Low water Deso, you will definitely have a, spiritual awakening, keep the smokes close and the stress down, you will do fine. Have fun, it's a beautiful river through there.


----------



## villagelightsmith (Feb 17, 2016)

Learning The Strokes!

So, you want to learn to row a raft! Here's my stroke teaching sequence:
A. Throw some little sticks into little currents of water. See where the currents take them. Elementary studies, yes. But basics are SO important!
B. Ask yourself, "Where on the current do I want to be to get myself where I want to go? What happens to me when my stick arrives?"
On the river ...
1. You, the student, will sit high on the load behind an experienced laid-back oarsman. Let him/her mentor you, explain and show you what you're seeing, where the water's going, where it's coming from, where it's taking you, what it's gonna do to the boat. He/she shouldn't talk too much ... just point things out.
2. You ... Learn the basic strokes for each side and when it's your turn, practice what they make the boat do. ( left, right, forward, reverse, ferry, spin.)
3. Read the currents and Call those basic strokes to your Mentor on the oars. Visualize, Watch the results of your calls. 
4. Your Mentor should follow your directions, let you screw up, but save you at the last second, after it's almost too late. 
5. When your Mentor thinks you are ready, he/she will likely be tired of the game and you can take the sticks away from him. (Verbalize what you're going to do; learn to jump an eddyline, peel-out into a current, duck in below a rock into a micro-eddy, forward and reverse ferry using the current.)
6. In an hour, you mentor the next person. Park the next newbie high on the load behind you, rinse and repeat as needed.
Everybody stays engaged, and the experienced mentor can sprawl out over the load and take a _one-eyed_ nap.
Half a day, and you're both usually quite ready for the river we're on. At that point, I can close the other eye.


----------



## gdaut (Jul 30, 2019)

We did Deso a couple of weeks ago at about 2000 cfs, in 6 days/5 nights. There is a thread on here somewhere with me asking similar questions and also a post trip report from me. 

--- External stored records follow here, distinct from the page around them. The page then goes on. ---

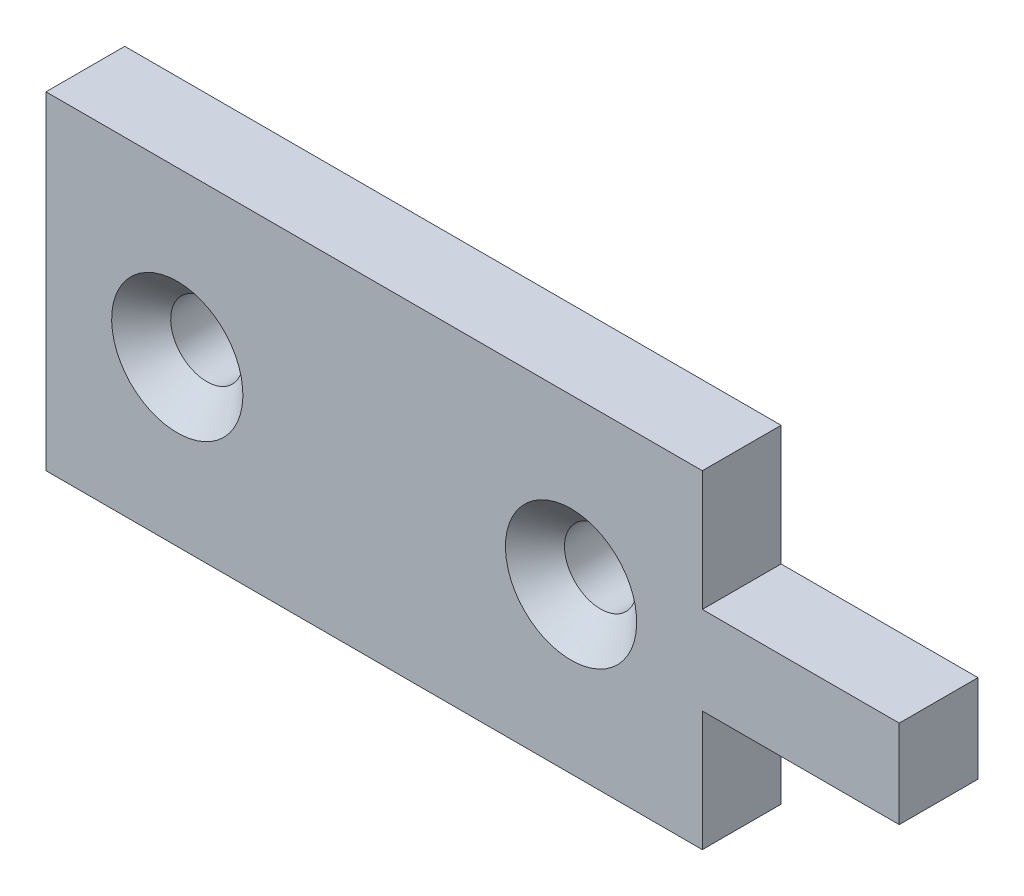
ISO-10303-21;
HEADER;
FILE_DESCRIPTION(('STEP AP214'),'2;1');
FILE_NAME('part.step','',(''),(''),'','','');
FILE_SCHEMA(('AUTOMOTIVE_DESIGN { 1 0 10303 214 1 1 1 1 }'));
ENDSEC;
DATA;
#1=APPLICATION_CONTEXT('core data for automotive mechanical design processes');
#2=APPLICATION_PROTOCOL_DEFINITION('international standard','automotive_design',2000,#1);
#3=PRODUCT_CONTEXT('',#1,'mechanical');
#4=PRODUCT('Part','Part','',(#3));
#5=PRODUCT_RELATED_PRODUCT_CATEGORY('part','',(#4));
#6=PRODUCT_DEFINITION_FORMATION('','',#4);
#7=PRODUCT_DEFINITION_CONTEXT('part definition',#1,'design');
#8=PRODUCT_DEFINITION('design','',#6,#7);
#9=PRODUCT_DEFINITION_SHAPE('','',#8);
#10=(LENGTH_UNIT() NAMED_UNIT(*) SI_UNIT(.MILLI.,.METRE.));
#11=(NAMED_UNIT(*) PLANE_ANGLE_UNIT() SI_UNIT($,.RADIAN.));
#12=(NAMED_UNIT(*) SI_UNIT($,.STERADIAN.) SOLID_ANGLE_UNIT());
#13=UNCERTAINTY_MEASURE_WITH_UNIT(LENGTH_MEASURE(1.E-05),#10,'distance_accuracy_value','');
#14=(GEOMETRIC_REPRESENTATION_CONTEXT(3) GLOBAL_UNCERTAINTY_ASSIGNED_CONTEXT((#13)) GLOBAL_UNIT_ASSIGNED_CONTEXT((#10,
#11,#12)) REPRESENTATION_CONTEXT('',''));
#15=CARTESIAN_POINT('',(0.,0.,0.));
#16=DIRECTION('',(0.,0.,1.));
#17=DIRECTION('',(1.,0.,0.));
#18=AXIS2_PLACEMENT_3D('',#15,#16,#17);
#19=CARTESIAN_POINT('',(55.,3.35,6.));
#20=DIRECTION('',(0.,0.,1.));
#21=DIRECTION('',(0.,1.,0.));
#22=AXIS2_PLACEMENT_3D('',#19,#20,#21);
#23=PLANE('',#22);
#24=CARTESIAN_POINT('',(30.,0.,6.));
#25=DIRECTION('',(0.,0.,1.));
#26=DIRECTION('',(0.,1.,0.));
#27=AXIS2_PLACEMENT_3D('',#24,#25,#26);
#28=CIRCLE('',#27,5.);
#29=CARTESIAN_POINT('',(30.,5.,6.));
#30=VERTEX_POINT('',#29);
#31=EDGE_CURVE('E22',#30,#30,#28,.F.);
#32=ORIENTED_EDGE('',*,*,#31,.T.);
#33=EDGE_LOOP('',(#32));
#34=FACE_BOUND('',#33,.T.);
#35=CARTESIAN_POINT('',(0.,0.,6.));
#36=DIRECTION('',(0.,0.,1.));
#37=DIRECTION('',(0.,1.,0.));
#38=AXIS2_PLACEMENT_3D('',#35,#36,#37);
#39=CIRCLE('',#38,5.);
#40=CARTESIAN_POINT('',(0.,5.,6.));
#41=VERTEX_POINT('',#40);
#42=EDGE_CURVE('E153',#41,#41,#39,.F.);
#43=ORIENTED_EDGE('',*,*,#42,.T.);
#44=EDGE_LOOP('',(#43));
#45=FACE_BOUND('',#44,.T.);
#46=DIRECTION('',(0.,1.,0.));
#47=VECTOR('',#46,1.);
#48=CARTESIAN_POINT('',(55.,-3.35,6.));
#49=LINE('',#48,#47);
#50=CARTESIAN_POINT('',(55.,-3.35,6.));
#51=VERTEX_POINT('',#50);
#52=CARTESIAN_POINT('',(55.,3.35,6.));
#53=VERTEX_POINT('',#52);
#54=EDGE_CURVE('E121',#51,#53,#49,.T.);
#55=ORIENTED_EDGE('',*,*,#54,.T.);
#56=DIRECTION('',(-1.,0.,0.));
#57=VECTOR('',#56,1.);
#58=CARTESIAN_POINT('',(55.,3.35,6.));
#59=LINE('',#58,#57);
#60=CARTESIAN_POINT('',(40.,3.35,6.));
#61=VERTEX_POINT('',#60);
#62=EDGE_CURVE('E95',#53,#61,#59,.T.);
#63=ORIENTED_EDGE('',*,*,#62,.T.);
#64=DIRECTION('',(0.,1.,0.));
#65=VECTOR('',#64,1.);
#66=CARTESIAN_POINT('',(40.,3.35,6.));
#67=LINE('',#66,#65);
#68=CARTESIAN_POINT('',(40.,12.5,6.));
#69=VERTEX_POINT('',#68);
#70=EDGE_CURVE('E124',#61,#69,#67,.T.);
#71=ORIENTED_EDGE('',*,*,#70,.T.);
#72=DIRECTION('',(-1.,0.,0.));
#73=VECTOR('',#72,1.);
#74=CARTESIAN_POINT('',(40.,12.5,6.));
#75=LINE('',#74,#73);
#76=CARTESIAN_POINT('',(-10.,12.5,6.));
#77=VERTEX_POINT('',#76);
#78=EDGE_CURVE('E126',#69,#77,#75,.T.);
#79=ORIENTED_EDGE('',*,*,#78,.T.);
#80=DIRECTION('',(0.,-1.,0.));
#81=VECTOR('',#80,1.);
#82=CARTESIAN_POINT('',(-10.,-12.5,6.));
#83=LINE('',#82,#81);
#84=CARTESIAN_POINT('',(-10.,-12.5,6.));
#85=VERTEX_POINT('',#84);
#86=EDGE_CURVE('E128',#77,#85,#83,.T.);
#87=ORIENTED_EDGE('',*,*,#86,.T.);
#88=DIRECTION('',(1.,0.,0.));
#89=VECTOR('',#88,1.);
#90=CARTESIAN_POINT('',(40.,-12.5,6.));
#91=LINE('',#90,#89);
#92=CARTESIAN_POINT('',(40.,-12.5,6.));
#93=VERTEX_POINT('',#92);
#94=EDGE_CURVE('E130',#85,#93,#91,.T.);
#95=ORIENTED_EDGE('',*,*,#94,.T.);
#96=DIRECTION('',(0.,1.,0.));
#97=VECTOR('',#96,1.);
#98=CARTESIAN_POINT('',(40.,-3.35,6.));
#99=LINE('',#98,#97);
#100=CARTESIAN_POINT('',(40.,-3.35,6.));
#101=VERTEX_POINT('',#100);
#102=EDGE_CURVE('E34',#93,#101,#99,.T.);
#103=ORIENTED_EDGE('',*,*,#102,.T.);
#104=DIRECTION('',(1.,0.,0.));
#105=VECTOR('',#104,1.);
#106=CARTESIAN_POINT('',(55.,-3.35,6.));
#107=LINE('',#106,#105);
#108=EDGE_CURVE('E29',#101,#51,#107,.T.);
#109=ORIENTED_EDGE('',*,*,#108,.T.);
#110=EDGE_LOOP('',(#55,#63,#71,#79,#87,#95,#103,#109));
#111=FACE_BOUND('',#110,.T.);
#112=ADVANCED_FACE('F14',(#34,#45,#111),#23,.T.);
#113=CARTESIAN_POINT('',(55.,3.35,0.));
#114=DIRECTION('',(0.,0.,1.));
#115=DIRECTION('',(0.,1.,0.));
#116=AXIS2_PLACEMENT_3D('',#113,#114,#115);
#117=PLANE('',#116);
#118=CARTESIAN_POINT('',(30.,0.,0.));
#119=DIRECTION('',(0.,0.,1.));
#120=DIRECTION('',(0.,1.,0.));
#121=AXIS2_PLACEMENT_3D('',#118,#119,#120);
#122=CIRCLE('',#121,2.75);
#123=CARTESIAN_POINT('',(30.,2.75,0.));
#124=VERTEX_POINT('',#123);
#125=EDGE_CURVE('E103',#124,#124,#122,.T.);
#126=ORIENTED_EDGE('',*,*,#125,.T.);
#127=EDGE_LOOP('',(#126));
#128=FACE_BOUND('',#127,.T.);
#129=DIRECTION('',(0.,1.,0.));
#130=VECTOR('',#129,1.);
#131=CARTESIAN_POINT('',(55.,-3.35,0.));
#132=LINE('',#131,#130);
#133=CARTESIAN_POINT('',(55.,-3.35,0.));
#134=VERTEX_POINT('',#133);
#135=CARTESIAN_POINT('',(55.,3.35,0.));
#136=VERTEX_POINT('',#135);
#137=EDGE_CURVE('E85',#134,#136,#132,.T.);
#138=ORIENTED_EDGE('',*,*,#137,.F.);
#139=DIRECTION('',(1.,0.,0.));
#140=VECTOR('',#139,1.);
#141=CARTESIAN_POINT('',(55.,-3.35,0.));
#142=LINE('',#141,#140);
#143=CARTESIAN_POINT('',(40.,-3.35,0.));
#144=VERTEX_POINT('',#143);
#145=EDGE_CURVE('E119',#144,#134,#142,.T.);
#146=ORIENTED_EDGE('',*,*,#145,.F.);
#147=DIRECTION('',(0.,1.,0.));
#148=VECTOR('',#147,1.);
#149=CARTESIAN_POINT('',(40.,-3.35,0.));
#150=LINE('',#149,#148);
#151=CARTESIAN_POINT('',(40.,-12.5,0.));
#152=VERTEX_POINT('',#151);
#153=EDGE_CURVE('E117',#152,#144,#150,.T.);
#154=ORIENTED_EDGE('',*,*,#153,.F.);
#155=DIRECTION('',(1.,0.,0.));
#156=VECTOR('',#155,1.);
#157=CARTESIAN_POINT('',(40.,-12.5,0.));
#158=LINE('',#157,#156);
#159=CARTESIAN_POINT('',(-10.,-12.5,0.));
#160=VERTEX_POINT('',#159);
#161=EDGE_CURVE('E115',#160,#152,#158,.T.);
#162=ORIENTED_EDGE('',*,*,#161,.F.);
#163=DIRECTION('',(0.,-1.,0.));
#164=VECTOR('',#163,1.);
#165=CARTESIAN_POINT('',(-10.,-12.5,0.));
#166=LINE('',#165,#164);
#167=CARTESIAN_POINT('',(-10.,12.5,0.));
#168=VERTEX_POINT('',#167);
#169=EDGE_CURVE('E113',#168,#160,#166,.T.);
#170=ORIENTED_EDGE('',*,*,#169,.F.);
#171=DIRECTION('',(-1.,0.,0.));
#172=VECTOR('',#171,1.);
#173=CARTESIAN_POINT('',(40.,12.5,0.));
#174=LINE('',#173,#172);
#175=CARTESIAN_POINT('',(40.,12.5,0.));
#176=VERTEX_POINT('',#175);
#177=EDGE_CURVE('E111',#176,#168,#174,.T.);
#178=ORIENTED_EDGE('',*,*,#177,.F.);
#179=DIRECTION('',(0.,1.,0.));
#180=VECTOR('',#179,1.);
#181=CARTESIAN_POINT('',(40.,3.35,0.));
#182=LINE('',#181,#180);
#183=CARTESIAN_POINT('',(40.,3.35,0.));
#184=VERTEX_POINT('',#183);
#185=EDGE_CURVE('E87',#184,#176,#182,.T.);
#186=ORIENTED_EDGE('',*,*,#185,.F.);
#187=DIRECTION('',(-1.,0.,0.));
#188=VECTOR('',#187,1.);
#189=CARTESIAN_POINT('',(55.,3.35,0.));
#190=LINE('',#189,#188);
#191=EDGE_CURVE('E79',#136,#184,#190,.T.);
#192=ORIENTED_EDGE('',*,*,#191,.F.);
#193=EDGE_LOOP('',(#138,#146,#154,#162,#170,#178,#186,#192));
#194=FACE_BOUND('',#193,.T.);
#195=CARTESIAN_POINT('',(0.,0.,0.));
#196=DIRECTION('',(0.,0.,1.));
#197=DIRECTION('',(0.,1.,0.));
#198=AXIS2_PLACEMENT_3D('',#195,#196,#197);
#199=CIRCLE('',#198,2.75);
#200=CARTESIAN_POINT('',(0.,2.75,0.));
#201=VERTEX_POINT('',#200);
#202=EDGE_CURVE('E106',#201,#201,#199,.T.);
#203=ORIENTED_EDGE('',*,*,#202,.T.);
#204=EDGE_LOOP('',(#203));
#205=FACE_BOUND('',#204,.T.);
#206=ADVANCED_FACE('F81',(#128,#194,#205),#117,.F.);
#207=CARTESIAN_POINT('',(55.,-3.35,6.));
#208=DIRECTION('',(-1.,0.,0.));
#209=DIRECTION('',(0.,-1.,0.));
#210=AXIS2_PLACEMENT_3D('',#207,#208,#209);
#211=PLANE('',#210);
#212=ORIENTED_EDGE('',*,*,#137,.T.);
#213=DIRECTION('',(0.,0.,-1.));
#214=VECTOR('',#213,1.);
#215=CARTESIAN_POINT('',(55.,3.35,6.));
#216=LINE('',#215,#214);
#217=EDGE_CURVE('E93',#53,#136,#216,.T.);
#218=ORIENTED_EDGE('',*,*,#217,.F.);
#219=ORIENTED_EDGE('',*,*,#54,.F.);
#220=DIRECTION('',(0.,0.,-1.));
#221=VECTOR('',#220,1.);
#222=CARTESIAN_POINT('',(55.,-3.35,6.));
#223=LINE('',#222,#221);
#224=EDGE_CURVE('E102',#51,#134,#223,.T.);
#225=ORIENTED_EDGE('',*,*,#224,.T.);
#226=EDGE_LOOP('',(#212,#218,#219,#225));
#227=FACE_BOUND('',#226,.T.);
#228=ADVANCED_FACE('F16',(#227),#211,.F.);
#229=CARTESIAN_POINT('',(55.,3.35,6.));
#230=DIRECTION('',(0.,-1.,0.));
#231=DIRECTION('',(1.,0.,0.));
#232=AXIS2_PLACEMENT_3D('',#229,#230,#231);
#233=PLANE('',#232);
#234=ORIENTED_EDGE('',*,*,#191,.T.);
#235=DIRECTION('',(0.,0.,-1.));
#236=VECTOR('',#235,1.);
#237=CARTESIAN_POINT('',(40.,3.35,6.));
#238=LINE('',#237,#236);
#239=EDGE_CURVE('E99',#61,#184,#238,.T.);
#240=ORIENTED_EDGE('',*,*,#239,.F.);
#241=ORIENTED_EDGE('',*,*,#62,.F.);
#242=ORIENTED_EDGE('',*,*,#217,.T.);
#243=EDGE_LOOP('',(#234,#240,#241,#242));
#244=FACE_BOUND('',#243,.T.);
#245=ADVANCED_FACE('F94',(#244),#233,.F.);
#246=CARTESIAN_POINT('',(40.,3.35,6.));
#247=DIRECTION('',(-1.,0.,0.));
#248=DIRECTION('',(0.,-1.,0.));
#249=AXIS2_PLACEMENT_3D('',#246,#247,#248);
#250=PLANE('',#249);
#251=ORIENTED_EDGE('',*,*,#185,.T.);
#252=DIRECTION('',(0.,0.,-1.));
#253=VECTOR('',#252,1.);
#254=CARTESIAN_POINT('',(40.,12.5,6.));
#255=LINE('',#254,#253);
#256=EDGE_CURVE('E147',#69,#176,#255,.T.);
#257=ORIENTED_EDGE('',*,*,#256,.F.);
#258=ORIENTED_EDGE('',*,*,#70,.F.);
#259=ORIENTED_EDGE('',*,*,#239,.T.);
#260=EDGE_LOOP('',(#251,#257,#258,#259));
#261=FACE_BOUND('',#260,.T.);
#262=ADVANCED_FACE('F203',(#261),#250,.F.);
#263=CARTESIAN_POINT('',(40.,12.5,6.));
#264=DIRECTION('',(0.,-1.,0.));
#265=DIRECTION('',(1.,0.,0.));
#266=AXIS2_PLACEMENT_3D('',#263,#264,#265);
#267=PLANE('',#266);
#268=ORIENTED_EDGE('',*,*,#177,.T.);
#269=DIRECTION('',(0.,0.,-1.));
#270=VECTOR('',#269,1.);
#271=CARTESIAN_POINT('',(-10.,12.5,6.));
#272=LINE('',#271,#270);
#273=EDGE_CURVE('E144',#77,#168,#272,.T.);
#274=ORIENTED_EDGE('',*,*,#273,.F.);
#275=ORIENTED_EDGE('',*,*,#78,.F.);
#276=ORIENTED_EDGE('',*,*,#256,.T.);
#277=EDGE_LOOP('',(#268,#274,#275,#276));
#278=FACE_BOUND('',#277,.T.);
#279=ADVANCED_FACE('F199',(#278),#267,.F.);
#280=CARTESIAN_POINT('',(-10.,-12.5,6.));
#281=DIRECTION('',(1.,0.,0.));
#282=DIRECTION('',(0.,1.,0.));
#283=AXIS2_PLACEMENT_3D('',#280,#281,#282);
#284=PLANE('',#283);
#285=ORIENTED_EDGE('',*,*,#169,.T.);
#286=DIRECTION('',(0.,0.,-1.));
#287=VECTOR('',#286,1.);
#288=CARTESIAN_POINT('',(-10.,-12.5,6.));
#289=LINE('',#288,#287);
#290=EDGE_CURVE('E141',#85,#160,#289,.T.);
#291=ORIENTED_EDGE('',*,*,#290,.F.);
#292=ORIENTED_EDGE('',*,*,#86,.F.);
#293=ORIENTED_EDGE('',*,*,#273,.T.);
#294=EDGE_LOOP('',(#285,#291,#292,#293));
#295=FACE_BOUND('',#294,.T.);
#296=ADVANCED_FACE('F195',(#295),#284,.F.);
#297=CARTESIAN_POINT('',(40.,-12.5,6.));
#298=DIRECTION('',(0.,1.,0.));
#299=DIRECTION('',(-1.,0.,0.));
#300=AXIS2_PLACEMENT_3D('',#297,#298,#299);
#301=PLANE('',#300);
#302=ORIENTED_EDGE('',*,*,#161,.T.);
#303=DIRECTION('',(0.,0.,-1.));
#304=VECTOR('',#303,1.);
#305=CARTESIAN_POINT('',(40.,-12.5,6.));
#306=LINE('',#305,#304);
#307=EDGE_CURVE('E138',#93,#152,#306,.T.);
#308=ORIENTED_EDGE('',*,*,#307,.F.);
#309=ORIENTED_EDGE('',*,*,#94,.F.);
#310=ORIENTED_EDGE('',*,*,#290,.T.);
#311=EDGE_LOOP('',(#302,#308,#309,#310));
#312=FACE_BOUND('',#311,.T.);
#313=ADVANCED_FACE('F191',(#312),#301,.F.);
#314=CARTESIAN_POINT('',(40.,-3.35,6.));
#315=DIRECTION('',(-1.,0.,0.));
#316=DIRECTION('',(0.,-1.,0.));
#317=AXIS2_PLACEMENT_3D('',#314,#315,#316);
#318=PLANE('',#317);
#319=ORIENTED_EDGE('',*,*,#153,.T.);
#320=DIRECTION('',(0.,0.,-1.));
#321=VECTOR('',#320,1.);
#322=CARTESIAN_POINT('',(40.,-3.35,6.));
#323=LINE('',#322,#321);
#324=EDGE_CURVE('E135',#101,#144,#323,.T.);
#325=ORIENTED_EDGE('',*,*,#324,.F.);
#326=ORIENTED_EDGE('',*,*,#102,.F.);
#327=ORIENTED_EDGE('',*,*,#307,.T.);
#328=EDGE_LOOP('',(#319,#325,#326,#327));
#329=FACE_BOUND('',#328,.T.);
#330=ADVANCED_FACE('F187',(#329),#318,.F.);
#331=CARTESIAN_POINT('',(55.,-3.35,6.));
#332=DIRECTION('',(0.,1.,0.));
#333=DIRECTION('',(-1.,0.,0.));
#334=AXIS2_PLACEMENT_3D('',#331,#332,#333);
#335=PLANE('',#334);
#336=ORIENTED_EDGE('',*,*,#145,.T.);
#337=ORIENTED_EDGE('',*,*,#224,.F.);
#338=ORIENTED_EDGE('',*,*,#108,.F.);
#339=ORIENTED_EDGE('',*,*,#324,.T.);
#340=EDGE_LOOP('',(#336,#337,#338,#339));
#341=FACE_BOUND('',#340,.T.);
#342=ADVANCED_FACE('F171',(#341),#335,.F.);
#343=CARTESIAN_POINT('',(30.,0.,6.));
#344=DIRECTION('',(0.,0.,-1.));
#345=DIRECTION('',(0.,-1.,0.));
#346=AXIS2_PLACEMENT_3D('',#343,#344,#345);
#347=CYLINDRICAL_SURFACE('',#346,2.75);
#348=CARTESIAN_POINT('',(30.,0.,3.75));
#349=DIRECTION('',(0.,0.,1.));
#350=DIRECTION('',(0.,1.,0.));
#351=AXIS2_PLACEMENT_3D('',#348,#349,#350);
#352=CIRCLE('',#351,2.75);
#353=CARTESIAN_POINT('',(30.,2.75,3.75));
#354=VERTEX_POINT('',#353);
#355=EDGE_CURVE('E98',#354,#354,#352,.T.);
#356=ORIENTED_EDGE('',*,*,#355,.T.);
#357=EDGE_LOOP('',(#356));
#358=FACE_BOUND('',#357,.T.);
#359=ORIENTED_EDGE('',*,*,#125,.F.);
#360=EDGE_LOOP('',(#359));
#361=FACE_BOUND('',#360,.T.);
#362=ADVANCED_FACE('F168',(#358,#361),#347,.F.);
#363=CARTESIAN_POINT('',(0.,0.,6.));
#364=DIRECTION('',(0.,0.,-1.));
#365=DIRECTION('',(0.,-1.,0.));
#366=AXIS2_PLACEMENT_3D('',#363,#364,#365);
#367=CYLINDRICAL_SURFACE('',#366,2.75);
#368=CARTESIAN_POINT('',(0.,0.,3.75));
#369=DIRECTION('',(0.,0.,1.));
#370=DIRECTION('',(0.,1.,0.));
#371=AXIS2_PLACEMENT_3D('',#368,#369,#370);
#372=CIRCLE('',#371,2.75);
#373=CARTESIAN_POINT('',(0.,2.75,3.75));
#374=VERTEX_POINT('',#373);
#375=EDGE_CURVE('E9',#374,#374,#372,.T.);
#376=ORIENTED_EDGE('',*,*,#375,.T.);
#377=EDGE_LOOP('',(#376));
#378=FACE_BOUND('',#377,.T.);
#379=ORIENTED_EDGE('',*,*,#202,.F.);
#380=EDGE_LOOP('',(#379));
#381=FACE_BOUND('',#380,.T.);
#382=ADVANCED_FACE('F164',(#378,#381),#367,.F.);
#383=CARTESIAN_POINT('',(30.,0.,3.75));
#384=DIRECTION('',(0.,0.,1.));
#385=DIRECTION('',(0.,1.,0.));
#386=AXIS2_PLACEMENT_3D('',#383,#384,#385);
#387=CONICAL_SURFACE('',#386,2.75,0.785398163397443);
#388=ORIENTED_EDGE('',*,*,#31,.F.);
#389=EDGE_LOOP('',(#388));
#390=FACE_BOUND('',#389,.T.);
#391=ORIENTED_EDGE('',*,*,#355,.F.);
#392=EDGE_LOOP('',(#391));
#393=FACE_BOUND('',#392,.T.);
#394=ADVANCED_FACE('F160',(#390,#393),#387,.F.);
#395=CARTESIAN_POINT('',(0.,0.,3.75));
#396=DIRECTION('',(0.,0.,1.));
#397=DIRECTION('',(0.,1.,0.));
#398=AXIS2_PLACEMENT_3D('',#395,#396,#397);
#399=CONICAL_SURFACE('',#398,2.75,0.785398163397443);
#400=ORIENTED_EDGE('',*,*,#42,.F.);
#401=EDGE_LOOP('',(#400));
#402=FACE_BOUND('',#401,.T.);
#403=ORIENTED_EDGE('',*,*,#375,.F.);
#404=EDGE_LOOP('',(#403));
#405=FACE_BOUND('',#404,.T.);
#406=ADVANCED_FACE('F163',(#402,#405),#399,.F.);
#407=CLOSED_SHELL('',(#112,#206,#228,#245,#262,#279,#296,#313,#330,#342,#362,#382,#394,#406));
#408=MANIFOLD_SOLID_BREP('B1',#407);
#409=ADVANCED_BREP_SHAPE_REPRESENTATION('',(#18,#408),#14);
#410=SHAPE_DEFINITION_REPRESENTATION(#9,#409);
ENDSEC;
END-ISO-10303-21;

You should be fine. The rapids are few and very manageable; not too rocky and if you are in a small cat it should be easy to get unstuck if you do get stuck. I found the rapids a lot less boney than I expected,so I would not expect a lot of getting stuck.


----------



## MNichols (Nov 20, 2015)

Get a copy of Tom Rampton's guidebook, his company name is Blacktail enterprises, not sure if it's still in print or not. I used to do Deso in October a lot, and contributed to the low water section in his book, he's got a lot about the geology and such in there that's not in the other books. The rivermaps guide is also a good one to have along. 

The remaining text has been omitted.